> [What is expected]: Beneath this instruction is a listing; print exactly the lines in it starting at the line that contains "#4=PRODUCT('Part','Part','',(#3));" and going through the line that contains "#11=(NAMED_UNIT(*) PLANE_ANGLE_UNIT() SI_UNIT($,.RADIAN.));".

> [Data]:
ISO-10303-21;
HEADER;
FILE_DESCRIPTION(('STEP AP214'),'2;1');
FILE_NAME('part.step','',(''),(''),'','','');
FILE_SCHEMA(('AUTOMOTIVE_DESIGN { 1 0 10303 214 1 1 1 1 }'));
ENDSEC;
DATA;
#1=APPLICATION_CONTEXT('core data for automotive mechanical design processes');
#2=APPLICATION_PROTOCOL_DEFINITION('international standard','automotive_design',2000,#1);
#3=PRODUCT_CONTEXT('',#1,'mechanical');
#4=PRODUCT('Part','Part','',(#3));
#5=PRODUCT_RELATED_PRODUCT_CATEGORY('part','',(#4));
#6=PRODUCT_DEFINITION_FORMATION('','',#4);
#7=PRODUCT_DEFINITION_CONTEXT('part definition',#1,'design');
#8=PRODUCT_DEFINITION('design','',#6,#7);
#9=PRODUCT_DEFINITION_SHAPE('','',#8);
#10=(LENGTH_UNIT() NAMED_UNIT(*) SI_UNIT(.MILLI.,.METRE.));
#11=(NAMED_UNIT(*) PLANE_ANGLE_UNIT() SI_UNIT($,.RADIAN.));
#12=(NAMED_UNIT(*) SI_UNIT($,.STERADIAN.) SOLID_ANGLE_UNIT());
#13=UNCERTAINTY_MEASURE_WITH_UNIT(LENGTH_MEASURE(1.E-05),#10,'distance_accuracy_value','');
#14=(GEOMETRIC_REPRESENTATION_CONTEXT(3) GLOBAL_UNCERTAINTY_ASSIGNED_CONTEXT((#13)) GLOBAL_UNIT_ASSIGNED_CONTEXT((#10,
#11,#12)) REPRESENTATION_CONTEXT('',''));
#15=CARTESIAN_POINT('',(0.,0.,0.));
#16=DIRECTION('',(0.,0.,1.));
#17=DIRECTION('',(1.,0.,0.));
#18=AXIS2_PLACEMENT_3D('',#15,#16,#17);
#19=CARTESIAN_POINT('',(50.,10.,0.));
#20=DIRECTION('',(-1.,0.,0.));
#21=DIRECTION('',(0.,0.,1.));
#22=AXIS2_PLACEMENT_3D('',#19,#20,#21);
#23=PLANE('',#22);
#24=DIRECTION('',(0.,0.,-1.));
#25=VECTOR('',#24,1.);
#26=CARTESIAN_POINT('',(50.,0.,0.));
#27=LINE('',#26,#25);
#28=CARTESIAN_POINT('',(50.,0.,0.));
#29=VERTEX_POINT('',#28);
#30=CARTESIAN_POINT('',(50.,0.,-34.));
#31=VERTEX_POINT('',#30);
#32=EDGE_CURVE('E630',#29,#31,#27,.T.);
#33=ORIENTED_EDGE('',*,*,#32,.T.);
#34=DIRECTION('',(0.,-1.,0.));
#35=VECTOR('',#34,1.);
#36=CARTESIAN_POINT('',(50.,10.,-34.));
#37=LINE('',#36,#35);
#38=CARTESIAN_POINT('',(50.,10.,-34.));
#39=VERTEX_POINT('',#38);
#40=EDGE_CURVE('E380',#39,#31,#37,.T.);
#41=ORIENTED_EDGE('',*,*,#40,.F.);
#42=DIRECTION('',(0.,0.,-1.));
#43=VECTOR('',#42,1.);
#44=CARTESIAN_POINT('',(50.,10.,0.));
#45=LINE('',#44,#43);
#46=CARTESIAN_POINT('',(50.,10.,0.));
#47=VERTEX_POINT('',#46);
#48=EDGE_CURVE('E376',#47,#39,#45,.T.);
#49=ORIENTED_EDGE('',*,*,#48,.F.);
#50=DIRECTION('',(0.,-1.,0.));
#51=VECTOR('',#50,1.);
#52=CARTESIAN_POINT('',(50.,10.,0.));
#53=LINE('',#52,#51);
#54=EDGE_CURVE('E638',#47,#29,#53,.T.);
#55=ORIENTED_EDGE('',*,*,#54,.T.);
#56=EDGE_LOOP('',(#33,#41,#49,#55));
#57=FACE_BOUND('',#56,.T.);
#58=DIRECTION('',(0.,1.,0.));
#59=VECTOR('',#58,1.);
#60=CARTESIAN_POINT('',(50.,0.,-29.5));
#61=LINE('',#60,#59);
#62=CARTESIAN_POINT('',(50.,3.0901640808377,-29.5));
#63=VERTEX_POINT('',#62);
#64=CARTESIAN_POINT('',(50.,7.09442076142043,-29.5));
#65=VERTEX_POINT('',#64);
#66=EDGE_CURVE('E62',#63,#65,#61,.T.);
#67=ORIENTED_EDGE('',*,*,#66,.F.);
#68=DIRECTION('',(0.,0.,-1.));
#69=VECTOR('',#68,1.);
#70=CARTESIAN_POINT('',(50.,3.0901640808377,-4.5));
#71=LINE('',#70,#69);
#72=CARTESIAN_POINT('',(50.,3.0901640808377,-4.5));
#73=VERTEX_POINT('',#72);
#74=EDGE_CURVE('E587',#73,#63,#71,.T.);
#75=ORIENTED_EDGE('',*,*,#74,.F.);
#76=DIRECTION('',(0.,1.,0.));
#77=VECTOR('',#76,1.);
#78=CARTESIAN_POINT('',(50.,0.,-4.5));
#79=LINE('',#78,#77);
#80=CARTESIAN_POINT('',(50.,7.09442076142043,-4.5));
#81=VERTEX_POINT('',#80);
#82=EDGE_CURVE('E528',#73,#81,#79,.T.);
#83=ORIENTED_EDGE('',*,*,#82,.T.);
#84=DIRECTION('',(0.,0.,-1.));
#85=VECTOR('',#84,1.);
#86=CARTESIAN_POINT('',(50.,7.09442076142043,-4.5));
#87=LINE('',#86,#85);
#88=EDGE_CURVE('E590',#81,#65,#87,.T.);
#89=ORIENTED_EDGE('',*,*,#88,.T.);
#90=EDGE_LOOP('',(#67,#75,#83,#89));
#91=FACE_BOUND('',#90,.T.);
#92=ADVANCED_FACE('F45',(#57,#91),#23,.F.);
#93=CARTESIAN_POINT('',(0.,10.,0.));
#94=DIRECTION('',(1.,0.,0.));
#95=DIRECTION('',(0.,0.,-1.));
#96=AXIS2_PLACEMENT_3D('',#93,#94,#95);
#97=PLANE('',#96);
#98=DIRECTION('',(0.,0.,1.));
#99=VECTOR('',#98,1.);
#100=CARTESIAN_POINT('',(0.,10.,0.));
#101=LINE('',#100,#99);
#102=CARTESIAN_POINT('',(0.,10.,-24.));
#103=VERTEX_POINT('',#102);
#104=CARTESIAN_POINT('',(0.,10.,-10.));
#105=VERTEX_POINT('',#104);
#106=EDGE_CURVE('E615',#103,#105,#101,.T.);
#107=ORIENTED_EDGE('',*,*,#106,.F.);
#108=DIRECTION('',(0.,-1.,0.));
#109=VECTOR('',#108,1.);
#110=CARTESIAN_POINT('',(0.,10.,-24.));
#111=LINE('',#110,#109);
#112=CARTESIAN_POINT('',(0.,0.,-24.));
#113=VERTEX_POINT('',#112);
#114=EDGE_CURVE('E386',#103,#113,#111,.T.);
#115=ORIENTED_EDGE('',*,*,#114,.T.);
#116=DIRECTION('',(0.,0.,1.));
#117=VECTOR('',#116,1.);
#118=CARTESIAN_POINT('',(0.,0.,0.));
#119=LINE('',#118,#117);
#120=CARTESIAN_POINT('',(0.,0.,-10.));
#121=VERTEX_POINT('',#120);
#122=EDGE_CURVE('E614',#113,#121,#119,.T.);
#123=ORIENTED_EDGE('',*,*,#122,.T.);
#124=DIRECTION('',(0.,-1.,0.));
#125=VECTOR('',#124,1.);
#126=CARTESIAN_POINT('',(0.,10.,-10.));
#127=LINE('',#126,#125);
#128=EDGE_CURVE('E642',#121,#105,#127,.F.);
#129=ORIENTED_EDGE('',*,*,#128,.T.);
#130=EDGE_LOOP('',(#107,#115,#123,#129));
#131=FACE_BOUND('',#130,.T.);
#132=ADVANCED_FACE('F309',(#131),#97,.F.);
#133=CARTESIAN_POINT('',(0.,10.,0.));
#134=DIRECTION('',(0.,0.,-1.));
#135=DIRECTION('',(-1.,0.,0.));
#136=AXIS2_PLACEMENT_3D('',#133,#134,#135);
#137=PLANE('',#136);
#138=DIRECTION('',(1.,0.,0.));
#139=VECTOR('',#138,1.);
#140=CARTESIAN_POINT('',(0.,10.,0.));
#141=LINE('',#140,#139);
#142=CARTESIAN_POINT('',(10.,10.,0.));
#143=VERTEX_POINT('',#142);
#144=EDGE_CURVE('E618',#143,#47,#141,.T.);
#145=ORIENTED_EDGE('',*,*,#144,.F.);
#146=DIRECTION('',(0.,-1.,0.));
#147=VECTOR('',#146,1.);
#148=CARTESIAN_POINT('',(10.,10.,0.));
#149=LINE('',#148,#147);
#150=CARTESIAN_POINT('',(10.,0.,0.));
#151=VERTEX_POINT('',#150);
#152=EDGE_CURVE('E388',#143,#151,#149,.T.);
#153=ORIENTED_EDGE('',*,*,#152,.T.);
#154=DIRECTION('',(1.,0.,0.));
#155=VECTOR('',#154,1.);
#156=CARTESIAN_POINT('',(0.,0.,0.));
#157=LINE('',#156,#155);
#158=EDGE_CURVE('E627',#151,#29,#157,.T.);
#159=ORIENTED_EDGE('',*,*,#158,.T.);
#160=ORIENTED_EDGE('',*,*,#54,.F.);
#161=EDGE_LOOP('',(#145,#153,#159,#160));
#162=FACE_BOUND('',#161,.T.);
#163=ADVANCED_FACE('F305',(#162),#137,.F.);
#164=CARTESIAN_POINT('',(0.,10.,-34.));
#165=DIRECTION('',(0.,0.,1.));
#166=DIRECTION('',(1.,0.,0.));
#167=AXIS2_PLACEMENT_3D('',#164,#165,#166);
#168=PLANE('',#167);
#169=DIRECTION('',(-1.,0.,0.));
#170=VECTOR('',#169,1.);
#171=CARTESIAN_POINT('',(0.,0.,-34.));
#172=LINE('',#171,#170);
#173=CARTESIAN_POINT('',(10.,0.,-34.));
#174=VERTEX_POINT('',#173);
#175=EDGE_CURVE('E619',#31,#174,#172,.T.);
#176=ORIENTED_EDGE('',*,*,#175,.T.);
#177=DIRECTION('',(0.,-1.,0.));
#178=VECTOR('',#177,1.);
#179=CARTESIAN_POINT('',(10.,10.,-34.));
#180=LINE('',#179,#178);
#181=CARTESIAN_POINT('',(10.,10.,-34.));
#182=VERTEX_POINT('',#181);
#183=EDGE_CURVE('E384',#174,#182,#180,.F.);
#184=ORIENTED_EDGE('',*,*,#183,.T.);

> [Exercise answer]:
#4=PRODUCT('Part','Part','',(#3));
#5=PRODUCT_RELATED_PRODUCT_CATEGORY('part','',(#4));
#6=PRODUCT_DEFINITION_FORMATION('','',#4);
#7=PRODUCT_DEFINITION_CONTEXT('part definition',#1,'design');
#8=PRODUCT_DEFINITION('design','',#6,#7);
#9=PRODUCT_DEFINITION_SHAPE('','',#8);
#10=(LENGTH_UNIT() NAMED_UNIT(*) SI_UNIT(.MILLI.,.METRE.));
#11=(NAMED_UNIT(*) PLANE_ANGLE_UNIT() SI_UNIT($,.RADIAN.));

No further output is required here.